9. Polar subplot: The small plot in the top-right shows the path in polar coordinates (r, θ). Hover over the main canvas or the subplot to highlight a point and see its Euler form r·e^jθ.

Preset Notes

• Spiral: General-purpose starting configuration.
• Regular circle: Baseline — every method should trace the circle smoothly. Use it to confirm correctness.
• Sharp zigzag: Consecutive points alternate sharply between large positive and negative imaginary parts. Catmull-Rom and Bézier will overshoot the corners; Linear stays exact.
• Slerp phase wrap (>180° steps): The angular gap between every consecutive pair is 200° > 180°. Slerp resolves each gap to the shorter arc of −160° (CW), so the slerp curve winds clockwise even though the control points are arranged counter-clockwise. Linear, Catmull-Rom and Bézier simply connect the Cartesian positions and are unaffected.
• Radial spokes: Points alternate between an outer ring (r = 3.5) and an inner ring (r = 1). Slerp arcs visibly in angle while its magnitude oscillates; Linear cuts straight chords across the rings.
• Near-origin path: One point is placed at |z| ≈ 0.17. Slerp magnitude collapses to near-zero there, producing a distinctive pinch; other methods extrapolate smoothly through.
• Spiral (4 rounds): 28 points winding 4 full rotations from inner to outer radius. Compare how each interpolation method follows the long spiral path.

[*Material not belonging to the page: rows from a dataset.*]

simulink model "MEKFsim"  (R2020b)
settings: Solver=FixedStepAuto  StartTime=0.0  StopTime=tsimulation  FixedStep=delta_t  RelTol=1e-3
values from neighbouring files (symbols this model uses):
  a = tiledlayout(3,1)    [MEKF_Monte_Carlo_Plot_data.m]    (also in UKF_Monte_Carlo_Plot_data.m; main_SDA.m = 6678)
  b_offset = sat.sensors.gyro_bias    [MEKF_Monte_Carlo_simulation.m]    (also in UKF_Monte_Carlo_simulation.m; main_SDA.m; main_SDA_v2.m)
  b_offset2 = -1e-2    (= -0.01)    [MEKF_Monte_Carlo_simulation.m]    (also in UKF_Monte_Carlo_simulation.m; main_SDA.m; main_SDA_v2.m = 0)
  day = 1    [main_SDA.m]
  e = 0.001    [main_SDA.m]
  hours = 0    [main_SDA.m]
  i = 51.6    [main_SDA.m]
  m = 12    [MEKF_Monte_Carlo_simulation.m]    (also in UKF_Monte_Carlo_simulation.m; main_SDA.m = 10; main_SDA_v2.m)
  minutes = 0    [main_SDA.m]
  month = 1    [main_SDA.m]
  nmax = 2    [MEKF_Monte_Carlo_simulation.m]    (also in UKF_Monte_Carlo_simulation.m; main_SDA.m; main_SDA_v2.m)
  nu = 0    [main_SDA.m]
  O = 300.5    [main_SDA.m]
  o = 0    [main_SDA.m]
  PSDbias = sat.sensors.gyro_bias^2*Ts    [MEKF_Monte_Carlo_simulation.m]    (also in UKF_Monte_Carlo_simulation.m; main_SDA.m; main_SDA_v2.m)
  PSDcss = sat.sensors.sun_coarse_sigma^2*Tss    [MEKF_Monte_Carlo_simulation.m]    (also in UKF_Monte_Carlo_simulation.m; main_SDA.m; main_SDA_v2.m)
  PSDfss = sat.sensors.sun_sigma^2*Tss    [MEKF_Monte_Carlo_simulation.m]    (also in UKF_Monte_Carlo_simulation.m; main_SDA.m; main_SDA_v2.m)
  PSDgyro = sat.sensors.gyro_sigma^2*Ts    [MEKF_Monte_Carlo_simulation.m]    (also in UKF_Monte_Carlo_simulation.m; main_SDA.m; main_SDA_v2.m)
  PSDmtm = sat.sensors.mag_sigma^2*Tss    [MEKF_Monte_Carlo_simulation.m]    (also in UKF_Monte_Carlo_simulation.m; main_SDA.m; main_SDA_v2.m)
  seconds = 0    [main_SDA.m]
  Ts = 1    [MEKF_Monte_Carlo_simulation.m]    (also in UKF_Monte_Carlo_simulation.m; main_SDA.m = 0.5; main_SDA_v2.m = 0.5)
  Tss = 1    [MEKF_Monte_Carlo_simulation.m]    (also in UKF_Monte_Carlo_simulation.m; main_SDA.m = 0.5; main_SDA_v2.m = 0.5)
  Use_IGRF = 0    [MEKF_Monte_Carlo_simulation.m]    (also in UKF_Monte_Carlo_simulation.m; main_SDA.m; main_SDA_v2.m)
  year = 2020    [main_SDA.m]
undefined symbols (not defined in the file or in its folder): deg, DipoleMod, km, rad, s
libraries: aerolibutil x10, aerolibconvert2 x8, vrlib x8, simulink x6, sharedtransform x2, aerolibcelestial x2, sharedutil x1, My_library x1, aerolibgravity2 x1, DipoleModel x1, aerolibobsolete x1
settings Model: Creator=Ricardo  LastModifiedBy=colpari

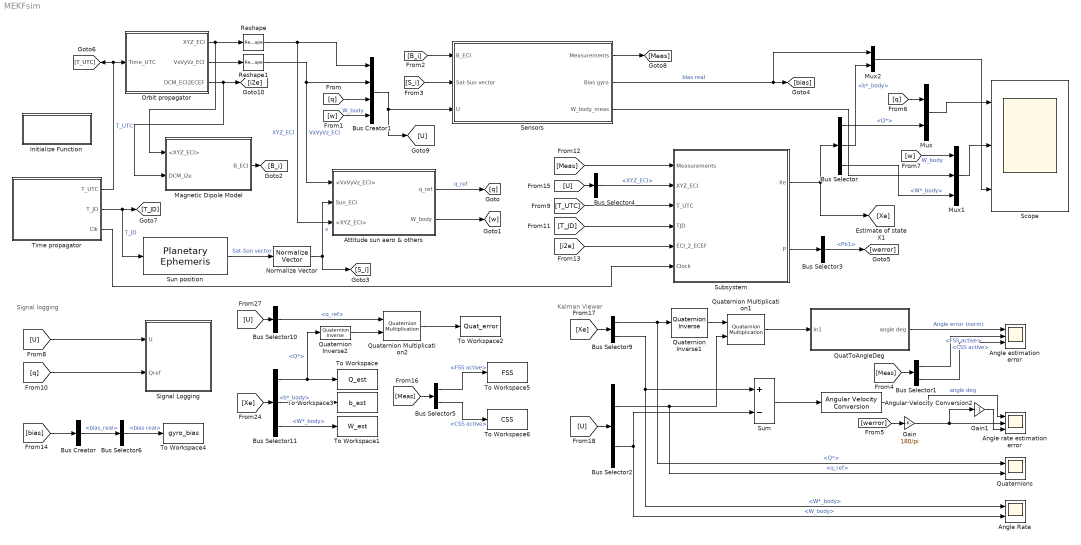
== system MEKFsim ==
  note: Signal logging
  note: Kalman Viewer
  Angle Rate : Scope  NumInputPorts=2
  Angle estimation error : Scope  NumInputPorts=3
  Angle rate estimation error : Scope  NumInputPorts=3
  Angular Velocity Conversion2 : aerolibconvert2/Angular Velocity Conversion  IU=rad/s  OU=deg/s
  Attitude sun aero & others : Subsystem
  Bus Creator : BusCreator  Inputs=1
  Bus Creator1 : BusCreator  Inputs=4
  Bus Selector : BusSelector  OutputSignals=Q*,b*_body,W*_body
  Bus Selector1 : BusSelector  OutputSignals=FSS active,CSS active
  Bus Selector10 : BusSelector  OutputSignals=q_ref
  Bus Selector11 : BusSelector  OutputSignals=Q*,b*_body,W*_body
  Bus Selector2 : BusSelector  OutputSignals=q_ref,W_body
  Bus Selector3 : BusSelector  OutputSignals=Pb1
  Bus Selector4 : BusSelector  OutputSignals=XYZ_ECI
  Bus Selector5 : BusSelector  OutputSignals=FSS active,CSS active
  Bus Selector6 : BusSelector  OutputSignals=bias real
  Bus Selector9 : BusSelector  OutputSignals=Q*,W*_body
  Gain : Gain  Gain=180/pi
  Gain1 : Gain  Gain=-1
  Initialize Function : Subsystem  TreatAsAtomicUnit=on
  Magnetic Dipole Model : Subsystem
  Mux : Mux  Inputs=2
  Mux1 : Mux  Inputs=3
  Mux2 : Mux  Inputs=2
  Normalize Vector : vrlib/Utilities/Normalize Vector  maxzero=0
  Orbit propagator : Subsystem
  QuatToAngleDeg : Subsystem
  Quaternion Inverse1 : aerolibutil/Quaternion Inverse
  Quaternion Inverse2 : aerolibutil/Quaternion Inverse
  Quaternion Multiplication1 : aerolibutil/Quaternion Multiplication
  Quaternion Multiplication2 : aerolibutil/Quaternion Multiplication
  Quaternions : Scope  NumInputPorts=2
  Reshape : Reshape
  Reshape1 : Reshape
  Scope : Scope  NumInputPorts=3
  Sensors : Subsystem
  Signal Logging : Subsystem
  Subsystem : Subsystem
  Sum : Sum  Inputs=+-
  Sun position : aerolibcelestial/Planetary Ephemeris  kmflag=km,km/s  epochflag=Julian date  de=DE405  nCenter=Earth  nTarget=Sun  errorflag=Error  velflag=off
      settings: SourceProductBaseCode=AE
  Time propagator : Subsystem
  To Workspace : ToWorkspace  VariableName=Q_est  SaveFormat=Timeseries  SampleTime=-1
  To Workspace1 : ToWorkspace  VariableName=W_est  SaveFormat=Timeseries  SampleTime=-1
  To Workspace2 : ToWorkspace  VariableName=Quat_error  SaveFormat=Timeseries  SampleTime=-1
  To Workspace3 : ToWorkspace  VariableName=b_est  SaveFormat=Timeseries  SampleTime=-1
  To Workspace4 : ToWorkspace  VariableName=gyro_bias  SaveFormat=Timeseries  SampleTime=-1
      settings: Save2DSignal=2-D array (concatenate along first dimension)
  To Workspace5 : ToWorkspace  VariableName=FSS  SaveFormat=Timeseries  SampleTime=-1
  To Workspace6 : ToWorkspace  VariableName=CSS  SaveFormat=Timeseries  SampleTime=-1
  wires:
  Orbit propagator/2(VxVyVz_ECI) -> Reshape1/1
  Orbit propagator/1(XYZ_ECI) -> Magnetic Dipole Model/1("<XYZ_ECI> "), Reshape/1
  Normalize Vector/1 -> [S_i], Attitude sun aero & others/2(Sun_ECI)  "x"
  Sun position/1 -> Normalize Vector/1  "Sat-Sun vector"
  Time propagator/1(T_UTC) -> [T_UTC], Orbit propagator/1("Time_UTC ")  "T_UTC"
  Attitude sun aero & others/1(q_ref) -> [q]  "q_ref"
  Time propagator/2(T_JD) -> Sun position/1, [T_JD]  "T_JD"
  Orbit propagator/3(DCM_ECI2ECEF) -> [i2e], Magnetic Dipole Model/2("DCM_i2e ")
  Magnetic Dipole Model/1("B_ECI ") -> [B_i]
  Attitude sun aero & others/2(W_body) -> [w]
  [q] -> Bus Creator1/3
  [w] -> Bus Creator1/4  "W_body"
  Bus Creator1/1 -> [U], Sensors/3(U)
  [B_i] -> Sensors/1(B_ECI)
  [S_i] -> Sensors/2(Sat-Sun vector)
  [q] -> Mux/1
  Bus Selector/1 -> Mux/2  "<Q*>"
  Bus Selector/3 -> Mux1/3  "<W*_body>"
  [w] -> Mux1/1  "W_body"
  Sensors/3(W_body_meas) -> Mux1/2
  Mux/1 -> Scope/1
  Mux1/1 -> Scope/2
  Bus Selector11/1 -> Quaternion Inverse2/1, To Workspace/1  "<Q*>"
  Bus Selector10/1 -> Quaternion Multiplication2/1  "<q_ref>"
  [q] -> Signal Logging/2(Qref)
  Quaternion Inverse2/1 -> Quaternion Multiplication2/2
  Quaternion Multiplication2/1 -> To Workspace2/1
  [U] -> Bus Selector10/1
  [Xe] -> Bus Selector11/1
  [U] -> Signal Logging/1(U)
  Bus Selector11/3 -> To Workspace1/1  "<W*_body>"
  Quaternion Multiplication1/1 -> QuatToAngleDeg/1(In1)
  Bus Selector1/2 -> Angle estimation error/3  "<CSS active>"
  QuatToAngleDeg/1(angle deg) -> Angle estimation error/1  "Angle error (norm)"
  Angular Velocity Conversion2/1 -> Angle rate estimation error/1  "angle deg"
  Bus Selector2/1 -> Quaternions/2, Quaternion Multiplication1/2  "<q_ref>"
  Bus Selector1/1 -> Angle estimation error/2  "<FSS active>"
  Bus Selector2/2 -> Sum/2, Angle Rate/2  "<W_body>"
  Sum/1 -> Angular Velocity Conversion2/1
  [Xe] -> Bus Selector9/1
  Bus Selector9/1 -> Quaternions/1, Quaternion Inverse1/1  "<Q*>"
  Bus Selector9/2 -> Angle Rate/1, Sum/1  "<W*_body>"
  Quaternion Inverse1/1 -> Quaternion Multiplication1/1
  [U] -> Bus Selector2/1
  [T_UTC] -> Subsystem/3(T_UTC)
  [T_JD] -> Subsystem/4(TJD)
  Bus Selector4/1 -> Subsystem/2(XYZ_ECI)  "<XYZ_ECI>"
  [U] -> Bus Selector4/1
  Subsystem/1(Xe) -> [Xe], Bus Selector/1
  Subsystem/2(P) -> Bus Selector3/1
  Gain1/1 -> Angle rate estimation error/3
  Bus Selector3/1 -> [werror]  "<Pb1>"
  [werror] -> Gain/1
  Gain/1 -> Gain1/1, Angle rate estimation error/2
  Reshape1/1 -> Bus Creator1/2, Attitude sun aero & others/1(<VxVyVz_ECI>)  "VxVyVz_ECI"
  Reshape/1 -> Attitude sun aero & others/3(<XYZ_ECI>), Bus Creator1/1  "XYZ_ECI"
  [i2e] -> Subsystem/5(ECI_2_ECEF)
  Time propagator/3(Clk) -> Subsystem/6(Clock)
  Sensors/2(Bias gyro) -> [bias], Mux2/1  "bias real"
  Bus Selector/2 -> Mux2/2  "<b*_body>"
  Mux2/1 -> Scope/3
  Sensors/1(Measurements) -> [Meas]
  [Meas] -> Subsystem/1(Measurements)
  [Meas] -> Bus Selector1/1
  Bus Selector11/2 -> To Workspace3/1  "<b*_body>"
  [bias] -> Bus Creator/1
  Bus Selector5/1 -> To Workspace5/1  "<FSS active>"
  [Meas] -> Bus Selector5/1
  Bus Selector5/2 -> To Workspace6/1  "<CSS active>"
  Bus Creator/1 -> Bus Selector6/1  "<bias_real>"
  Bus Selector6/1 -> To Workspace4/1  "<bias real>"

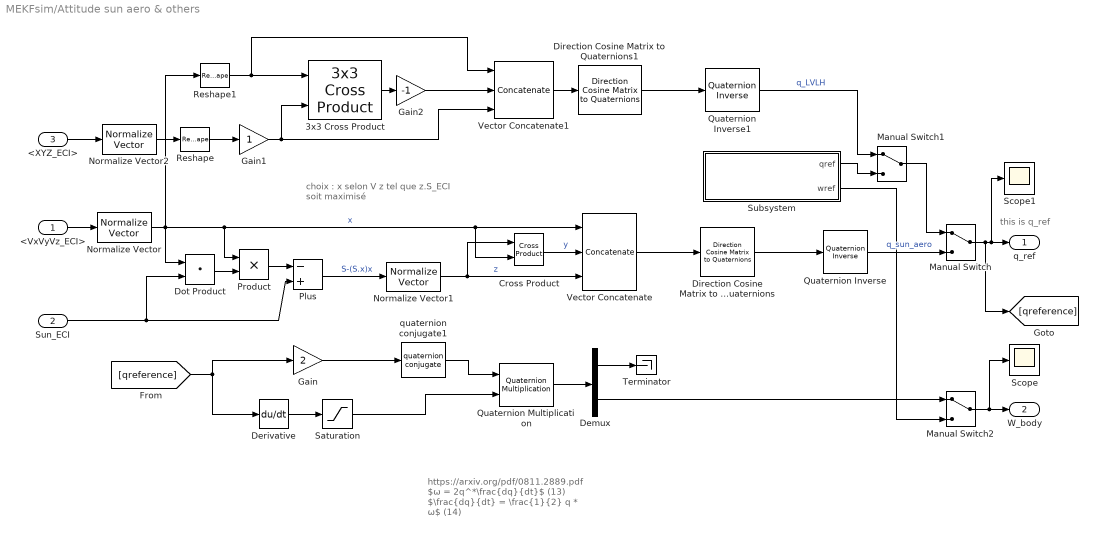
== system MEKFsim/Attitude sun aero & others ==
  note: this is q_ref
  note: choix :
      | x selon V
      | z tel que z.S_ECI soit maximisé
  note: https://arxiv.org/pdf/0811.2889.pdf
      | $ω = 2q^*\frac{dq}{dt}$ (13)
      |
      | $\frac{dq}{dt} = \frac{1}{2} q * ω$ (14)
  <VxVyVz_ECI> : Inport
  Sun_ECI : Inport  Port=2
  <XYZ_ECI> : Inport  Port=3
  3x3 Cross Product : sharedutil/3x3 Cross Product  aMode=aMode
      settings: SourceProductBaseCode=AE,PW,MT,UV,VE,VP
  Cross Product : vrlib/Utilities/Cross Product
  Demux : Demux  Outputs=[1 3]
  Derivative : Derivative
  Direction Cosine Matrix to Quaternions : sharedtransform/Direction Cosine Matrix  to Quaternions  aMode=0  action=None  tolerance=eps(2)
      settings: SourceProductBaseCode=AE,PW,MT,UV,VE,VP
  Direction Cosine Matrix to Quaternions1 : sharedtransform/Direction Cosine Matrix  to Quaternions  aMode=0  action=None  tolerance=eps(2)
      settings: SourceProductBaseCode=AE,PW,MT,UV,VE,VP
  Dot Product : DotProduct  InputSameDT=on  OutDataTypeStr=Inherit: Inherit via internal rule
  Gain : Gain  Gain=2
  Gain1 : Gain
  Gain2 : Gain  Gain=-1
  Manual Switch : ManualSwitch
  Manual Switch1 : ManualSwitch
  Manual Switch2 : ManualSwitch
  Normalize Vector : vrlib/Utilities/Normalize Vector  maxzero=0
  Normalize Vector1 : vrlib/Utilities/Normalize Vector  maxzero=0
  Normalize Vector2 : vrlib/Utilities/Normalize Vector  maxzero=0
  Plus : Sum  Inputs=-+
  Product : Product
  Quaternion Inverse : aerolibutil/Quaternion Inverse
  Quaternion Inverse1 : aerolibutil/Quaternion Inverse
  Quaternion Multiplication : aerolibutil/Quaternion Multiplication
  Reshape : Reshape  OutputDimensionality=Column vector (2-D)
  Reshape1 : Reshape  OutputDimensionality=Column vector (2-D)
  Saturation : Saturate  UpperLimit=5.5e-4  LowerLimit=-5.5e-4
  Scope : Scope
  Scope1 : Scope
  Subsystem : Subsystem
  Terminator : Terminator
  Vector Concatenate : Concatenate  NumInputs=3  Mode=Multidimensional array  ConcatenateDimension=2
  Vector Concatenate1 : Concatenate  NumInputs=3  Mode=Multidimensional array  ConcatenateDimension=2
  quaternion conjugate1 : My_library/quaternion conjugate
      settings: SourceProductName=My Library
  q_ref : Outport  VectorParamsAs1DForOutWhenUnconnected=off
  W_body : Outport  Port=2  VectorParamsAs1DForOutWhenUnconnected=off
  wires:
  Product/1 -> Plus/1
  Dot Product/1 -> Product/2
  Cross Product/1 -> Vector Concatenate/2  "y"
  Normalize Vector1/1 -> Vector Concatenate/3, Cross Product/1  "z"
  Plus/1 -> Normalize Vector1/1  "S-(S.x)x"
  Sun_ECI/1 -> Dot Product/2, Plus/2
  Vector Concatenate/1 -> Direction Cosine Matrix to Quaternions/1
  Direction Cosine Matrix to Quaternions/1 -> Quaternion Inverse/1
  Normalize Vector/1 -> Reshape1/1, Dot Product/1, Vector Concatenate/1, Cross Product/2, Product/1  "x"
  [qreference] -> Derivative/1, Gain/1
  Demux/1 -> Terminator/1
  Gain/1 -> quaternion conjugate1/1
  Demux/2 -> Manual Switch2/1
  Quaternion Multiplication/1 -> Demux/1
  quaternion conjugate1/1 -> Quaternion Multiplication/1
  Derivative/1 -> Saturation/1
  Manual Switch/1 -> [qreference], Scope1/1, q_ref/1
  Quaternion Inverse/1 -> Manual Switch/2  "q_sun_aero"
  3x3 Cross Product/1 -> Gain2/1
  Gain2/1 -> Vector Concatenate1/2
  Vector Concatenate1/1 -> Direction Cosine Matrix to Quaternions1/1
  Gain1/1 -> 3x3 Cross Product/2, Vector Concatenate1/3
  Normalize Vector2/1 -> Reshape/1
  Reshape/1 -> Gain1/1
  <XYZ_ECI>/1 -> Normalize Vector2/1
  Quaternion Inverse1/1 -> Manual Switch1/1  "q_LVLH"
  Direction Cosine Matrix to Quaternions1/1 -> Quaternion Inverse1/1
  <VxVyVz_ECI>/1 -> Normalize Vector/1
  Reshape1/1 -> 3x3 Cross Product/1, Vector Concatenate1/1
  Manual Switch1/1 -> Manual Switch/1
  Subsystem/1(qref) -> Manual Switch1/2
  Manual Switch2/1 -> Scope/1, W_body/1
  Subsystem/2(wref) -> Manual Switch2/2
  Saturation/1 -> Quaternion Multiplication/2

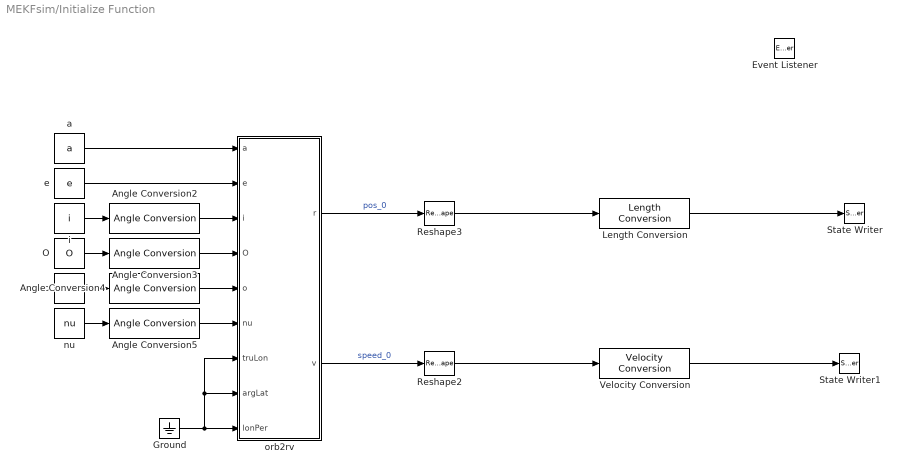
== system MEKFsim/Initialize Function ==
  Angle Conversion{2..5} (4 alike) : aerolibconvert2/Angle Conversion  IU=deg  OU=rad
  Event Listener : EventListener  DisableCoverage=on  EventName=reset
  Ground : Ground
  Length Conversion : aerolibconvert2/Length Conversion  IU=km  OU=m
  O : Constant  Value=O
  Reshape2 : Reshape  OutputDimensionality=Column vector (2-D)
  Reshape3 : Reshape  OutputDimensionality=Column vector (2-D)
  State Writer : StateWriter  StateOwnerBlock=../../Orbit propagator/Integrator_pos
  State Writer1 : StateWriter  StateOwnerBlock=../../Orbit propagator/Integrator_speed
  Velocity Conversion : aerolibconvert2/Velocity Conversion  IU=km/s  OU=m/s
  a : Constant  Value=a
  e : Constant  Value=e
  i : Constant  Value=i
  nu : Constant  Value=nu
  o : Constant  Value=o
  orb2rv : MATLAB Function  TreatAsAtomicUnit=on
  wires:
  Angle Conversion2/1 -> orb2rv/3(i)
  Length Conversion/1 -> State Writer/1
  Angle Conversion4/1 -> orb2rv/5(o)
  nu/1 -> Angle Conversion5/1
  Angle Conversion3/1 -> orb2rv/4(O)
  e/1 -> orb2rv/2(e)
  Reshape3/1 -> Length Conversion/1
  O/1 -> Angle Conversion3/1
  a/1 -> orb2rv/1(a)
  i/1 -> Angle Conversion2/1
  orb2rv/1(r) -> Reshape3/1  "pos_0"
  o/1 -> Angle Conversion4/1
  Angle Conversion5/1 -> orb2rv/6(nu)
  Velocity Conversion/1 -> State Writer1/1
  Reshape2/1 -> Velocity Conversion/1
  orb2rv/2(v) -> Reshape2/1  "speed_0"
  Ground/1 -> orb2rv/8(argLat), orb2rv/7(truLon), orb2rv/9(lonPer)

== system MEKFsim/Magnetic Dipole Model ==
  "<XYZ_ECI> " : Inport
  "DCM_i2e " : Inport  Port=2
  Bus Creator : BusCreator  Inputs=3
  ECEF To LLA : MATLAB Function  TreatAsAtomicUnit=on
  Interpreted MATLAB Function : MATLABFcn  MATLABFcn=DipoleMod(u(1),u(2),u(3),nmax)
  Permute Dimensions : PermuteDimensions
  Product : Product  Multiplication=Matrix(*)
  Product1 : Product  Multiplication=Matrix(*)
  Reshape : Reshape  OutputDimensionality=Row vector (2-D)
  scaling from nT to T : Gain  Gain=1e-9
  "B_ECI " : Outport  VectorParamsAs1DForOutWhenUnconnected=off
  wires:
  Reshape/1 -> Product/1
  Product/1 -> ECEF To LLA/1(X_ECEF)
  "<XYZ_ECI> "/1 -> Reshape/1
  ECEF To LLA/1(h) -> Bus Creator/1
  ECEF To LLA/2(lat) -> Bus Creator/2
  ECEF To LLA/3(long) -> Bus Creator/3
  Bus Creator/1 -> Interpreted MATLAB Function/1
  Interpreted MATLAB Function/1 -> Product1/2
  scaling from nT to T/1 -> "B_ECI "/1
  "DCM_i2e "/1 -> Product/2, Permute Dimensions/1
  Permute Dimensions/1 -> Product1/1
  Product1/1 -> scaling from nT to T/1

== system MEKFsim/Orbit propagator ==
  "Time_UTC " : Inport
  1/m : Gain  Gain=1/m
  Integrator_pos : Integrator
  Integrator_speed : Integrator
  Reshape : Reshape  OutputDimensionality=Column vector (2-D)
  Reshape2 : Reshape  OutputDimensionality=Column vector (2-D)
  Spherical Harmonic Gravity : Subsystem  TreatAsAtomicUnit=on  SystemSampleTime=1
  m : Gain  Gain=m
  XYZ_ECI : Outport  VectorParamsAs1DForOutWhenUnconnected=off
  VxVyVz_ECI : Outport  Port=2
  DCM_ECI2ECEF : Outport  Port=3
  wires:
  Integrator_pos/1 -> Reshape2/1, XYZ_ECI/1  "XYZ_ECI"
  Integrator_speed/1 -> VxVyVz_ECI/1, Integrator_pos/1  "VxVyVz_ECI"
  1/m/1 -> Integrator_speed/1  "AxAyAz_ECI"
  Reshape/1 -> 1/m/1
  m/1 -> Reshape/1  "Force_ECI"
  Spherical Harmonic Gravity/1(g_ECI (m/s²)) -> m/1
  "Time_UTC "/1 -> Spherical Harmonic Gravity/2(Time_UTC)
  Reshape2/1 -> Spherical Harmonic Gravity/1(XYZ_ECI)
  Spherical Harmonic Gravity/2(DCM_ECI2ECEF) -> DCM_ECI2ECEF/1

Coordinate System & Visualizations

• The canvas center is the complex origin (0, 0). The horizontal axis is the real part; the vertical axis is the imaginary part.
• The path uses a green gradient to show the direction of interpolation (start → end).
• Polar subplot: The overlay in the top-right corner shows the path in polar coordinates. Each point is plotted at radius |z| and angle arg(z). Hover over the main canvas or the subplot to highlight the corresponding point and display its Euler form r·e^jθ at the bottom of the subplot.

Method Notes

• Linear: Straight segments between consecutive points. Works with 2+ points.
• Slerp: Interpolates magnitude and angle separately. Good for paths near the origin or crossing it.
• Catmull-Rom: Smooth C1 curve through all points. Endpoint tangents use the boundary point as its own phantom neighbour. Works with 2+ points.
• Bézier: Interpolating cubic curve with auto-computed control points. Passes through every point for any count (2+).